On Thu, Jul 17, 2025 at 12:26 PM Karthik Nayak <karthik.188@xxxxxxxxx> wrote:
>
> Kyle Lippincott <spectral@xxxxxxxxxx> writes:
>
> > On Wed, Jul 16, 2025 at 6:54 PM Jeff King <peff@xxxxxxxx> wrote:
> >>
> >> On Wed, Jul 16, 2025 at 06:19:32PM -0700, Kyle Lippincott wrote:
> >>
> >> > Unfortunately I can't provide great instructions for reproducing this
> >> > locally, because it relies on our internal build stack (which uses
> >> > blaze).
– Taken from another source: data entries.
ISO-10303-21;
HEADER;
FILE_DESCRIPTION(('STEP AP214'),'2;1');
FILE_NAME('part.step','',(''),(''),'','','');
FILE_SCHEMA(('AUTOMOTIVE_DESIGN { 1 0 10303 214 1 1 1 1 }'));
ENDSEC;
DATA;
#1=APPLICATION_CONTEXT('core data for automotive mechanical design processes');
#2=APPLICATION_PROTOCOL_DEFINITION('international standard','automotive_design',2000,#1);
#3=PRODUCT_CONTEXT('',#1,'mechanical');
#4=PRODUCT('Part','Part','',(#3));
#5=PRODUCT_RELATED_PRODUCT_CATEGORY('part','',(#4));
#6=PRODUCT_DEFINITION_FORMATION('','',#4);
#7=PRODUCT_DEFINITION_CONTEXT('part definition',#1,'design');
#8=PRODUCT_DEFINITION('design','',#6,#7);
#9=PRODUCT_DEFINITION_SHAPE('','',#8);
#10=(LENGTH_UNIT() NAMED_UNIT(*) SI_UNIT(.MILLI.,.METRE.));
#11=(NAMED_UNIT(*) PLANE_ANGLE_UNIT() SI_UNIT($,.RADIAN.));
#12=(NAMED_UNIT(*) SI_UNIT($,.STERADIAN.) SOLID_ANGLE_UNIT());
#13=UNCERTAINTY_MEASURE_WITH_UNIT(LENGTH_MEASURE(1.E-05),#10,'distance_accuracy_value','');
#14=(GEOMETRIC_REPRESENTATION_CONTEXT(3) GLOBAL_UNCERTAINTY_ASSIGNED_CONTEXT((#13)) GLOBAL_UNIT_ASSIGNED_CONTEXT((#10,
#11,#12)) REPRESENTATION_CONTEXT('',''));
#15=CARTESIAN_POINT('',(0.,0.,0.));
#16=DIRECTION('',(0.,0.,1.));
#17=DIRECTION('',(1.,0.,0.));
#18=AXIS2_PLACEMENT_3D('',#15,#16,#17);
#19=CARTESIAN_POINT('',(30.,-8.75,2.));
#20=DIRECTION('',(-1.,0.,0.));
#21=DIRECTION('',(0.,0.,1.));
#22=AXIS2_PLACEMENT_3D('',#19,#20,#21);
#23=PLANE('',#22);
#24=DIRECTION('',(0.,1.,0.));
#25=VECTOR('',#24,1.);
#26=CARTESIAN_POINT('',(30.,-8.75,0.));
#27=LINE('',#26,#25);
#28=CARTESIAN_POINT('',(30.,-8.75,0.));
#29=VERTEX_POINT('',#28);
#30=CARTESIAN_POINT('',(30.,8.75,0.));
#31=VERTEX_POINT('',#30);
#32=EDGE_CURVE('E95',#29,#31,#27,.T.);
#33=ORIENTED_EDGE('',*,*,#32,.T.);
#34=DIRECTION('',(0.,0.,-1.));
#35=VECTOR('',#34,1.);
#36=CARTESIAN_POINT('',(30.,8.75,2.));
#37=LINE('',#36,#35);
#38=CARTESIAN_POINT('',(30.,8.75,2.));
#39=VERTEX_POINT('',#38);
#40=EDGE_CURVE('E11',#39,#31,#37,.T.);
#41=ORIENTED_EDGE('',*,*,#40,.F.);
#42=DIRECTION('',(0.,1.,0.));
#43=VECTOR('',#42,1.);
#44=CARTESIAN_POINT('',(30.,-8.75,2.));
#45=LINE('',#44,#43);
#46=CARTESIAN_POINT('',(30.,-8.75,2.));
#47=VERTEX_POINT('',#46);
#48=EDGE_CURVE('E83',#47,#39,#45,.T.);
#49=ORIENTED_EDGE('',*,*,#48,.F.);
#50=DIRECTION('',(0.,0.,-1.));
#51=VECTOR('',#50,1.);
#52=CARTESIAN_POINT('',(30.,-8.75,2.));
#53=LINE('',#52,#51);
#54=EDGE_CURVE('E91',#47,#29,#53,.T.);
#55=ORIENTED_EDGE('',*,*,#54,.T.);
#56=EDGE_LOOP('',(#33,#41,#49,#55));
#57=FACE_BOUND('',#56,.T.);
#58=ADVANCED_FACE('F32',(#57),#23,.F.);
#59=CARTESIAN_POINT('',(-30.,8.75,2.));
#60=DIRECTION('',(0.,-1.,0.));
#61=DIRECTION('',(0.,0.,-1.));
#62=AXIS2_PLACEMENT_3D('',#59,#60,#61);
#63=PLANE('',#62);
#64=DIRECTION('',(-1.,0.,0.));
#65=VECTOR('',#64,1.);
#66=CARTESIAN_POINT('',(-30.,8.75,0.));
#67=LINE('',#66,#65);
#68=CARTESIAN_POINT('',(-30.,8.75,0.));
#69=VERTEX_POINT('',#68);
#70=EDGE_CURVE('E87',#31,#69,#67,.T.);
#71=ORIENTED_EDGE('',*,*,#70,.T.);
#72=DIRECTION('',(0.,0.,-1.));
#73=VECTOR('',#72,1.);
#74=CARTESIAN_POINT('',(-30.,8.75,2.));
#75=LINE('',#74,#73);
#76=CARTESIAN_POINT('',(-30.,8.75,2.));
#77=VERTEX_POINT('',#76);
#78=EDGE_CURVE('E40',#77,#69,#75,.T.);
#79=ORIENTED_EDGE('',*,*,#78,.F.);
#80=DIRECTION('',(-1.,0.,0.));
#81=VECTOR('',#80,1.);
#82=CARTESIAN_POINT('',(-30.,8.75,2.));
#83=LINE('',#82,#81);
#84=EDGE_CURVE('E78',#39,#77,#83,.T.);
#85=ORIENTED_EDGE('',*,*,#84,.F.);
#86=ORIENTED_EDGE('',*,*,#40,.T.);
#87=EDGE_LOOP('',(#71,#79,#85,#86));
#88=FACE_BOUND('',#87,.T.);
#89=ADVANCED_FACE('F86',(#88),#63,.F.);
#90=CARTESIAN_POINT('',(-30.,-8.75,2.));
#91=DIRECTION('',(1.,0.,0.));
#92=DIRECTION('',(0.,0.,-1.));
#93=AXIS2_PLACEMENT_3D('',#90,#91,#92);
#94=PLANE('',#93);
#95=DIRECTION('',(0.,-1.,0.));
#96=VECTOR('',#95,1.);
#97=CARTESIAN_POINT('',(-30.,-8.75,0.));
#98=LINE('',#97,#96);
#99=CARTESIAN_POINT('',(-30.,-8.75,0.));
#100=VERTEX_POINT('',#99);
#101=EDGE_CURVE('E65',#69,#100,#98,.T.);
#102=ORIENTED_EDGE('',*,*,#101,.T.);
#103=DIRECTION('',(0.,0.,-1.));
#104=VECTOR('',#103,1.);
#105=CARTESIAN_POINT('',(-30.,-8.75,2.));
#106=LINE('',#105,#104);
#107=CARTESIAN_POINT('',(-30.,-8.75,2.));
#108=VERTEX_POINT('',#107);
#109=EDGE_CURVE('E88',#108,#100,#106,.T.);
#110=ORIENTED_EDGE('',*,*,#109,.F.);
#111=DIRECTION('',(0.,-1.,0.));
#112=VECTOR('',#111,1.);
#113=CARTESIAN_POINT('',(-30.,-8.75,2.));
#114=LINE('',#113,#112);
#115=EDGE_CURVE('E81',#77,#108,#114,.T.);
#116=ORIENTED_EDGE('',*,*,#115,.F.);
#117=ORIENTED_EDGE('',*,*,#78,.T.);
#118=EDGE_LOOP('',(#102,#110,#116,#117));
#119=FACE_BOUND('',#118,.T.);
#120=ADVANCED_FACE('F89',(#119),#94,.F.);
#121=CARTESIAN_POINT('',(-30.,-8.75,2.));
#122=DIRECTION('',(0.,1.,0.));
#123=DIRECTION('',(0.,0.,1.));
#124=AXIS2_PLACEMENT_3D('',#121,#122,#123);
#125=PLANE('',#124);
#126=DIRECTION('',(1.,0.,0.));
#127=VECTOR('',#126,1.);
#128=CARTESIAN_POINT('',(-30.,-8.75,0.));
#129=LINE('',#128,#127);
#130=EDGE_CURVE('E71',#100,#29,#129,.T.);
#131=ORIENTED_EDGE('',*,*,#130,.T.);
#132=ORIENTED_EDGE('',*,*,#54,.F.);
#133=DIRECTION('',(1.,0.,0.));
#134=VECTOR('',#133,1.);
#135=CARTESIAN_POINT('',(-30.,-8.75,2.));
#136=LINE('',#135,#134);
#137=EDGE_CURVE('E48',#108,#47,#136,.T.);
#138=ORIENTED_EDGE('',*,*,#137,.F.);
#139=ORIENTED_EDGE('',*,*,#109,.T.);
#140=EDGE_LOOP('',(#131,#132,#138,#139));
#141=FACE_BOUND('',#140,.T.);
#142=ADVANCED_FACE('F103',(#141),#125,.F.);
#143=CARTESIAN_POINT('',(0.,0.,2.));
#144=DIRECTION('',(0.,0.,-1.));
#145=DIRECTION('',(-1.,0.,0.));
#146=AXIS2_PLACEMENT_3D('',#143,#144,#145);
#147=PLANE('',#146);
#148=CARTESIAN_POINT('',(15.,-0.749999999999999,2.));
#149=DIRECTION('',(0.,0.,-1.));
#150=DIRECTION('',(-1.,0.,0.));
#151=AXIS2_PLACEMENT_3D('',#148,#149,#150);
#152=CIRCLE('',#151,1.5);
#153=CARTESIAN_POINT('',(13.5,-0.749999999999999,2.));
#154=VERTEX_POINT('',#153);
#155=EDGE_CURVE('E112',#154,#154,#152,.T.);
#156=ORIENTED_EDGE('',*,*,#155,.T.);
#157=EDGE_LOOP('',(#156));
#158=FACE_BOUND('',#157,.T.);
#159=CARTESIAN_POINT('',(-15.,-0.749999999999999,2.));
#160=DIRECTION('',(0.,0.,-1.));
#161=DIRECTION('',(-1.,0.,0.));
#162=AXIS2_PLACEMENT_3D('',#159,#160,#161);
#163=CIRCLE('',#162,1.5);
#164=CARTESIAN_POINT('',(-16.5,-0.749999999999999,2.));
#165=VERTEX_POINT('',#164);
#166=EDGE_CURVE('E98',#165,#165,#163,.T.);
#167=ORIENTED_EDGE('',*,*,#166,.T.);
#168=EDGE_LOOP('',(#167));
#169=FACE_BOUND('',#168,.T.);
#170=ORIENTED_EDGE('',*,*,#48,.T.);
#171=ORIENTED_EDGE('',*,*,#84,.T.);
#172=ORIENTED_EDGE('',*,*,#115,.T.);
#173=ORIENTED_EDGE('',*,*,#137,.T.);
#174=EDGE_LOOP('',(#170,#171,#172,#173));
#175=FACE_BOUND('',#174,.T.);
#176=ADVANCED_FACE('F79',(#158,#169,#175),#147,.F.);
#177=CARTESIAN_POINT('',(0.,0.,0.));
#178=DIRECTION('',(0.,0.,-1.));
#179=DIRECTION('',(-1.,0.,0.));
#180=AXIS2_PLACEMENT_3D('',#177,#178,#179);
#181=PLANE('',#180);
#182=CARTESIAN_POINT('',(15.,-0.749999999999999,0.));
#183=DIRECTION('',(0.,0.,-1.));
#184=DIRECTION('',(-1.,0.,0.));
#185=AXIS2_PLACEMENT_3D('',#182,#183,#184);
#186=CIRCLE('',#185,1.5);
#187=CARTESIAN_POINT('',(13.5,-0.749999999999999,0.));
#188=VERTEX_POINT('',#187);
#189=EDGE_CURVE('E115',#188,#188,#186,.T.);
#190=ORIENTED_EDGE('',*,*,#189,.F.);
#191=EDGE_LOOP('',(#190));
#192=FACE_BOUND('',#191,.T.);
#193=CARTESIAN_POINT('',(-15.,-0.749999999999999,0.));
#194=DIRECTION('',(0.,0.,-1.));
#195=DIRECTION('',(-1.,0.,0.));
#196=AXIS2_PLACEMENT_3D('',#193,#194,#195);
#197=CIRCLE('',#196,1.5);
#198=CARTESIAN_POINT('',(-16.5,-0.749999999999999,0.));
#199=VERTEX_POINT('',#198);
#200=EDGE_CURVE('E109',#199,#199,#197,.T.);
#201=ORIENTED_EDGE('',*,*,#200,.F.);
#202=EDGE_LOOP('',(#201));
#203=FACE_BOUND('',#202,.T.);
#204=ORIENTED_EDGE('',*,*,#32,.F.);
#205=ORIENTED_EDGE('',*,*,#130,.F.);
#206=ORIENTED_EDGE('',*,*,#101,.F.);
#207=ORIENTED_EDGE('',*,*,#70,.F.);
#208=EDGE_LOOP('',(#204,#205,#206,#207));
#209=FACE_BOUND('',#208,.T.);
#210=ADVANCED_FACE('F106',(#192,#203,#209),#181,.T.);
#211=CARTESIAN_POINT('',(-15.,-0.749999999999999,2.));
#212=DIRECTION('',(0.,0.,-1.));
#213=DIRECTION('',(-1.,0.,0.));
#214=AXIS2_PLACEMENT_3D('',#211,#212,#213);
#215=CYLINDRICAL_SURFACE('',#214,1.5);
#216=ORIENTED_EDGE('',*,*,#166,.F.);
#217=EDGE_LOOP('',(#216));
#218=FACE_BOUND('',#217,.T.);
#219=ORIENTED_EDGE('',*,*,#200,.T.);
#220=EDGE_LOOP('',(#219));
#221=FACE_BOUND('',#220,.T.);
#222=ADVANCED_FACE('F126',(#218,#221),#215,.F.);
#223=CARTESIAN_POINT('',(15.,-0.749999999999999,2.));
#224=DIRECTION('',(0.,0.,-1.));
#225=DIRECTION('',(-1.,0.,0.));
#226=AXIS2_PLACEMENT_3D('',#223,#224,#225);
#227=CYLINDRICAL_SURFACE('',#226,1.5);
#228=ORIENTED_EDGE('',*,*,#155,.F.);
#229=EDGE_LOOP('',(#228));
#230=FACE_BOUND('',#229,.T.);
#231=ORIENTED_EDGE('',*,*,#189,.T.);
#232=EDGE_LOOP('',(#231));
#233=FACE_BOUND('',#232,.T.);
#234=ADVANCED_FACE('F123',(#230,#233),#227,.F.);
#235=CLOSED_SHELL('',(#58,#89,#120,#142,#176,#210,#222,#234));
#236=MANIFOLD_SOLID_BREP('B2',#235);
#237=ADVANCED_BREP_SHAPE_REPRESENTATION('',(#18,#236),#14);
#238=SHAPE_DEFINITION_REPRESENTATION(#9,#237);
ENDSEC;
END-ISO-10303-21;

Getting MemorySanitizer running can be quite annoying, though
> >> > you might not have any issues if this test doesn't invoke any third
> >> > party libraries (like zlib).
> >> >
> >> > I need to sign off for the night soon, but if this isn't sufficient
> >> > enough information to identify what's happening here, I can try to dig
> >> > deeper tomorrow. This run was executed on an import of upstream commit
> >> > 4ea3c74afd42a503b3e0d60e1fec33bc0431e7bc (Junio's merge of this
> >> > series)
> >>
> >> valgrind can often find the same issues as MSan without as much headache
> >> to get it running (the downside is that it is _way_ slower). And indeed:
> >>
> >>   git checkout 4ea3c74afd42a503b3e0d60e1fec33bc0431e7bc &&
> >>   make &&
> >>   (cd t && ./t6302-for-each-ref-filter.sh --valgrind-only=48)
> >>
> >> yields:
> >>
> >>   ==2177572== Conditional jump or move depends on uninitialised value(s)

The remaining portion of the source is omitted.